Description

This program create a model to predict if the user clicks or not from a dataset of advertising data. The model is already saved you have just to give your data and the trained model will be apply on it. In input the program takes a JSON file. In output it gives a CSV with the first column which contains the predicted values.

Instructions to launch the program

To launch the program follow the instructions:

  • Clone the current git repository.
  • In the terminal, move to the root folder of the cloned project.
  • Do the command sbt assembly to create the JAR file.
  • Execute the command mv target/scala2.12/adprediction-assembly-1.0.jar adprediction.jar
  • Launch with java -jar adPrediction.jar [param] param is run or predict. run is for re train the model and predict is for predict the label of a data file.

Train a new model

To train a new model, first make sure a file called data-students.json exists in the project's directory, and that it contains a label column.

Please make sure that if a folder named models exists, you delete it beforehand.

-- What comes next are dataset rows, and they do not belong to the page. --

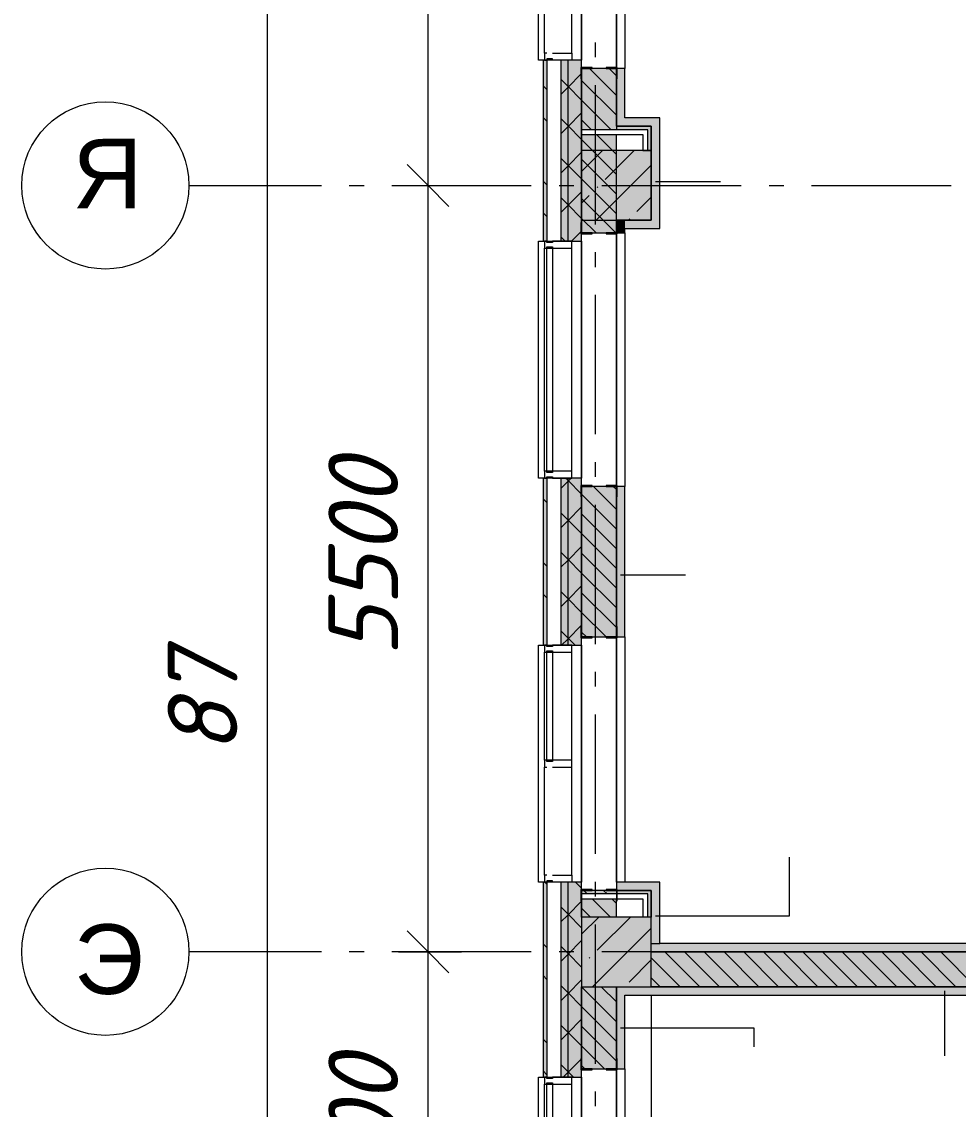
# Model space of a CAD drawing. Header units: millimetres. Extents: x -537608 to 253996, y -217170 to 186033.
# Drawn here: x -372379 to -365659, y -17031 to -9226 of the extents above; entities that cross this region are included whole.
import ezdxf

# ---------------------------------------------------------------- set-up
doc = ezdxf.new("R2010")
doc.units = ezdxf.units.MM
doc.layers.add('PDF _Геометрия', color=7, linetype='Continuous')
doc.layers.add('PDF _Текст', color=7, linetype='Continuous')
doc.layers.add('PDF _Сплошная заливка', color=7, linetype='Continuous', true_color=0xffffff)
doc.styles.add('PDF ArialMT', font='arial.ttf')
doc.styles.add('PDF ISOCPEUR Italic', font='isocpeui.ttf')

msp = doc.modelspace()

# ---------------------------------------------------------------- hatches: boundary and pattern name
at = {"layer": 'PDF _Сплошная заливка', "transparency": 33554559}
h = msp.add_hatch(color=256, dxfattribs=at)
h.paths.add_polyline_path([(-368638.3734, -56550.6701), (-368611.3754, -56550.6701), (-368611.3754, -47300.6435), (-368638.3734, -47300.6435), (-368638.3734, -56450.6697)], flags=0)
h.paths.add_polyline_path([(-368611.3754, -45600.6428), (-368611.3754, -42500.6661), (-368638.3734, -42500.6661), (-368638.3734, -45600.6428)], flags=0)
h.paths.add_polyline_path([(-368638.3734, -40800.6653), (-368611.3754, -40800.6653), (-368611.3754, -39350.6655), (-368638.3734, -39350.6655), (-368638.3734, -39616.9451)], flags=0)
h.paths.add_polyline_path([(-368638.3734, -37650.6648), (-368611.3754, -37650.6648), (-368611.3754, -36500.6663), (-368638.3734, -36500.6663), (-368638.3734, -36769.0084)], flags=0)
h.paths.add_polyline_path([(-368638.3734, -34800.6655), (-368611.3754, -34800.6655), (-368611.3754, -33500.6643), (-368638.3734, -33500.6643), (-368638.3734, -33921.0738)], flags=0)
h.paths.add_polyline_path([(-368638.3734, -31800.6634), (-368611.3754, -31800.6634), (-368611.3754, -30500.6644), (-368638.3734, -30500.6644), (-368638.3734, -31073.1392)], flags=0)
h.paths.add_polyline_path([(-368611.3754, -28800.6635), (-368611.3754, -27500.6645), (-368638.3734, -27500.6645), (-368638.3734, -28800.6635)], flags=0)
h.paths.add_polyline_path([(-368638.3734, -25800.6636), (-368611.3754, -25800.6636), (-368611.3754, -24500.6624), (-368638.3734, -24500.6624), (-368638.3734, -25377.2701)], flags=0)
h.paths.add_polyline_path([(-368638.3734, -22800.6616), (-368611.3754, -22800.6616), (-368611.3754, -21500.663), (-368638.3734, -21500.663), (-368638.3734, -22529.3344)], flags=0)
h.paths.add_polyline_path([(-368611.3754, -19800.6617), (-368611.3754, -18640.6622), (-368638.3734, -18640.6622), (-368638.3734, -19800.6617)], flags=0)
h.paths.add_polyline_path([(-368611.3754, -16800.6604), (-368611.3754, -15400.66), (-368638.3734, -15400.66), (-368638.3734, -16800.6604)], flags=0)
h.paths.add_polyline_path([(-368638.3734, -13700.6603), (-368611.3754, -13700.6603), (-368611.3754, -12500.6598), (-368638.3734, -12500.6598), (-368638.3734, -12561.5611)], flags=0)
h.paths.add_polyline_path([(-368638.3734, -10800.6587), (-368611.3754, -10800.6587), (-368611.3754, -9500.6585), (-368638.3734, -9500.6585), (-368638.3734, -9713.6267)], flags=0)
h.paths.add_polyline_path([(-368638.3734, -7800.6572), (-368611.3754, -7800.6572), (-368611.3754, -6373.658), (-368638.3734, -6373.658), (-368638.3734, -6865.691)], flags=0)
h = msp.add_hatch(color=256, dxfattribs=at)
h.paths.add_polyline_path([(-368511.375, -56400.6696), (-368461.3748, -56400.6696), (-368461.3748, -47300.6435), (-368511.375, -47300.6435), (-368511.375, -56300.6691)], flags=0)
h.paths.add_polyline_path([(-368461.3748, -45600.6428), (-368461.3748, -42500.6661), (-368511.375, -42500.6661), (-368511.375, -45600.6428)], flags=0)
h.paths.add_polyline_path([(-368461.3748, -40800.6653), (-368461.3748, -39350.6655), (-368511.375, -39350.6655), (-368511.375, -40800.6653)], flags=0)
h.paths.add_polyline_path([(-368461.3748, -37650.6648), (-368461.3748, -36500.6663), (-368511.375, -36500.6663), (-368511.375, -37650.6648)], flags=0)
h.paths.add_polyline_path([(-368461.3748, -34800.6655), (-368461.3748, -33500.6643), (-368511.375, -33500.6643), (-368511.375, -34800.6655)], flags=0)
h.paths.add_polyline_path([(-368461.3748, -31800.6634), (-368461.3748, -30500.6644), (-368511.375, -30500.6644), (-368511.375, -31800.6634)], flags=0)
h.paths.add_polyline_path([(-368461.3748, -28800.6635), (-368461.3748, -27500.6645), (-368511.375, -27500.6645), (-368511.375, -28800.6635)], flags=0)
h.paths.add_polyline_path([(-368461.3748, -25800.6636), (-368461.3748, -24500.6624), (-368511.375, -24500.6624), (-368511.375, -25800.6636)], flags=0)
h.paths.add_polyline_path([(-368511.375, -22800.6616), (-368461.3748, -22800.6616), (-368461.3748, -21500.663), (-368511.375, -21500.663), (-368511.375, -22529.3344)], flags=0)
h.paths.add_polyline_path([(-368511.375, -19800.6617), (-368461.3748, -19800.6617), (-368461.3748, -18640.6622), (-368511.375, -18640.6622), (-368511.375, -19681.3998)], flags=0)
h.paths.add_polyline_path([(-368511.375, -16800.6604), (-368461.3748, -16800.6604), (-368461.3748, -15400.66), (-368511.375, -15400.66), (-368511.375, -15409.4968)], flags=0)
h.paths.add_polyline_path([(-368511.375, -13700.6603), (-368461.3748, -13700.6603), (-368461.3748, -12500.6598), (-368511.375, -12500.6598), (-368511.375, -12561.5611)], flags=0)
h.paths.add_polyline_path([(-368511.375, -10800.6587), (-368461.3748, -10800.6587), (-368461.3748, -9500.6585), (-368511.375, -9500.6585), (-368511.375, -9713.6267)], flags=0)
h.paths.add_polyline_path([(-368511.375, -7800.6572), (-368461.3748, -7800.6572), (-368461.3748, -6500.6571), (-368511.375, -6500.6571), (-368511.375, -6865.691)], flags=0)
h = msp.add_hatch(color=256, dxfattribs=at)
h.paths.add_polyline_path([(-368361.3744, -56300.6691), (-368361.3744, -47300.6435), (-368461.3748, -47300.6435), (-368461.3748, -56300.6691)], flags=0)
h.paths.add_polyline_path([(-368361.3744, -45600.6428), (-368361.3744, -42500.6661), (-368461.3748, -42500.6661), (-368461.3748, -45600.6428)], flags=0)
h.paths.add_polyline_path([(-368361.3744, -40800.6653), (-368361.3744, -39350.6655), (-368461.3748, -39350.6655), (-368461.3748, -40800.6653)], flags=0)
h.paths.add_polyline_path([(-368361.3744, -37650.6648), (-368361.3744, -36500.6663), (-368461.3748, -36500.6663), (-368461.3748, -37650.6648)], flags=0)
h.paths.add_polyline_path([(-368361.3744, -34800.6655), (-368361.3744, -33500.6643), (-368461.3748, -33500.6643), (-368461.3748, -34800.6655)], flags=0)
h.paths.add_polyline_path([(-368361.3744, -31800.6634), (-368361.3744, -30500.6644), (-368461.3748, -30500.6644), (-368461.3748, -31800.6634)], flags=0)
h.paths.add_polyline_path([(-368361.3744, -28800.6635), (-368361.3744, -27500.6645), (-368461.3748, -27500.6645), (-368461.3748, -28800.6635)], flags=0)
h.paths.add_polyline_path([(-368361.3744, -25800.6636), (-368361.3744, -24500.6624), (-368461.3748, -24500.6624), (-368461.3748, -25800.6636)], flags=0)
h.paths.add_polyline_path([(-368461.3748, -22800.6616), (-368361.3744, -22800.6616), (-368361.3744, -21500.663), (-368461.3748, -21500.663), (-368461.3748, -22529.3344)], flags=0)
h.paths.add_polyline_path([(-368461.3748, -19800.6617), (-368361.3744, -19800.6617), (-368361.3744, -18640.6622), (-368461.3748, -18640.6622), (-368461.3748, -19681.3998)], flags=0)
h.paths.add_polyline_path([(-368361.3744, -16800.6604), (-368361.3744, -15400.66), (-368461.3748, -15400.66), (-368461.3748, -16800.6604)], flags=0)
h.paths.add_polyline_path([(-368461.3748, -13700.6603), (-368361.3744, -13700.6603), (-368361.3744, -12500.6598), (-368461.3748, -12500.6598), (-368461.3748, -12561.5611)], flags=0)
h.paths.add_polyline_path([(-368361.3744, -10800.6587), (-368361.3744, -9500.6585), (-368461.3748, -9500.6585), (-368461.3748, -10800.6587)], flags=0)
h.paths.add_polyline_path([(-368461.3748, -7800.6572), (-368361.3744, -7800.6572), (-368361.3744, -6550.6573), (-368461.3748, -6550.6573), (-368461.3748, -6865.691)], flags=0)
h = msp.add_hatch(color=256, dxfattribs=at)
h.paths.add_polyline_path([(-368361.3744, -48560.6688), (-368111.3732, -48560.6688), (-368111.3732, -48550.6683), (-368361.3744, -48550.6683)], flags=0)
h.paths.add_polyline_path([(-368361.3744, -48050.6683), (-368111.3732, -48050.6683), (-368111.3732, -47360.6679), (-368361.3744, -47360.6679)], flags=0)
h.paths.add_polyline_path([(-368361.3744, -45540.6679), (-368111.3732, -45540.6679), (-368111.3732, -44200.6669), (-368361.3744, -44200.6669), (-368361.3744, -45312.8143)], flags=0)
h.paths.add_polyline_path([(-368111.3732, -44165.6663), (-368111.3732, -42560.6668), (-368361.3744, -42560.6668), (-368361.3744, -44165.6663), (-368347.0787, -44165.6663)], flags=0)
h.paths.add_polyline_path([(-368361.3744, -40740.6668), (-368111.3732, -40740.6668), (-368111.3732, -39410.6663), (-368361.3744, -39410.6663), (-368361.3744, -39616.9451)], flags=0)
h.paths.add_polyline_path([(-368361.3744, -37590.6662), (-368111.3732, -37590.6662), (-368111.3732, -36560.6648), (-368361.3744, -36560.6648), (-368361.3744, -36769.0084)], flags=0)
h.paths.add_polyline_path([(-368361.3744, -34740.6648), (-368111.3732, -34740.6648), (-368111.3732, -33560.6649), (-368361.3744, -33560.6649), (-368361.3744, -33921.0738)], flags=0)
h.paths.add_polyline_path([(-368111.3732, -31740.6649), (-368111.3732, -30560.665), (-368361.3744, -30560.665), (-368361.3744, -31740.6649), (-368347.0787, -31740.6649)], flags=0)
h.paths.add_polyline_path([(-368111.3732, -28740.665), (-368111.3732, -27560.663), (-368361.3744, -27560.663), (-368361.3744, -28740.665), (-368347.0787, -28740.665)], flags=0)
h.paths.add_polyline_path([(-368111.3732, -25740.6629), (-368111.3732, -24560.6631), (-368361.3744, -24560.6631), (-368361.3744, -25740.6629), (-368347.0787, -25740.6629)], flags=0)
h.paths.add_polyline_path([(-368111.3732, -22740.662), (-368111.3732, -22150.6621), (-368361.3744, -22150.6621), (-368361.3744, -22740.662), (-368347.0787, -22740.662)], flags=0)
h.paths.add_polyline_path([(-368361.3744, -21650.6621), (-368111.3732, -21650.6621), (-368111.3732, -21560.6616), (-368361.3744, -21560.6616)], flags=0)
h.paths.add_polyline_path([(-368361.3744, -19740.6621), (-368111.3732, -19740.6621), (-368111.3732, -19150.661), (-368361.3744, -19150.661), (-368361.3744, -19681.3998)], flags=0)
h.paths.add_polyline_path([(-368111.3732, -18650.6605), (-368111.3732, -18560.6611), (-368361.3744, -18560.6611), (-368361.3744, -18650.6605), (-368323.2412, -18650.6605)], flags=0)
h.paths.add_polyline_path([(-368111.3732, -16740.6608), (-368111.3732, -16151.0078), (-368361.3744, -16151.0078), (-368361.3744, -16740.6608), (-368347.0787, -16740.6608)], flags=0)
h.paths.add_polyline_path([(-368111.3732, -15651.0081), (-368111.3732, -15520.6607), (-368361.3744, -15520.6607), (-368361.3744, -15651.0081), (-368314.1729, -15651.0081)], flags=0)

Then, train a new model by calling java -jar adprediction.jar train. It should take a few minutes, and the results are in models/LogisticRegression. The metrics for the trained model are shown during the process.

Predict

The prediction requires a model to be created beforehand; the folder models/LogisticRegression must exist and it must not be empty. If you have an output folder, please delete it before running the prediction. To predict the outcome of input values, run java -jar adprediction.jar predict [filename], where filename is the path to a JSON file. Please note that if your data contains a label attribute, it will be replaced during the process by predicted values.

The results are stored in a folder called output. Inside, you will find some files, namely one CSV containing the results. The CSV's name changes because of Spark implementation of workers, but it should always follow the scheme part-0000-xxxx.csv.

The predicted label is stored in the first column, called label, and the value varies from true to false.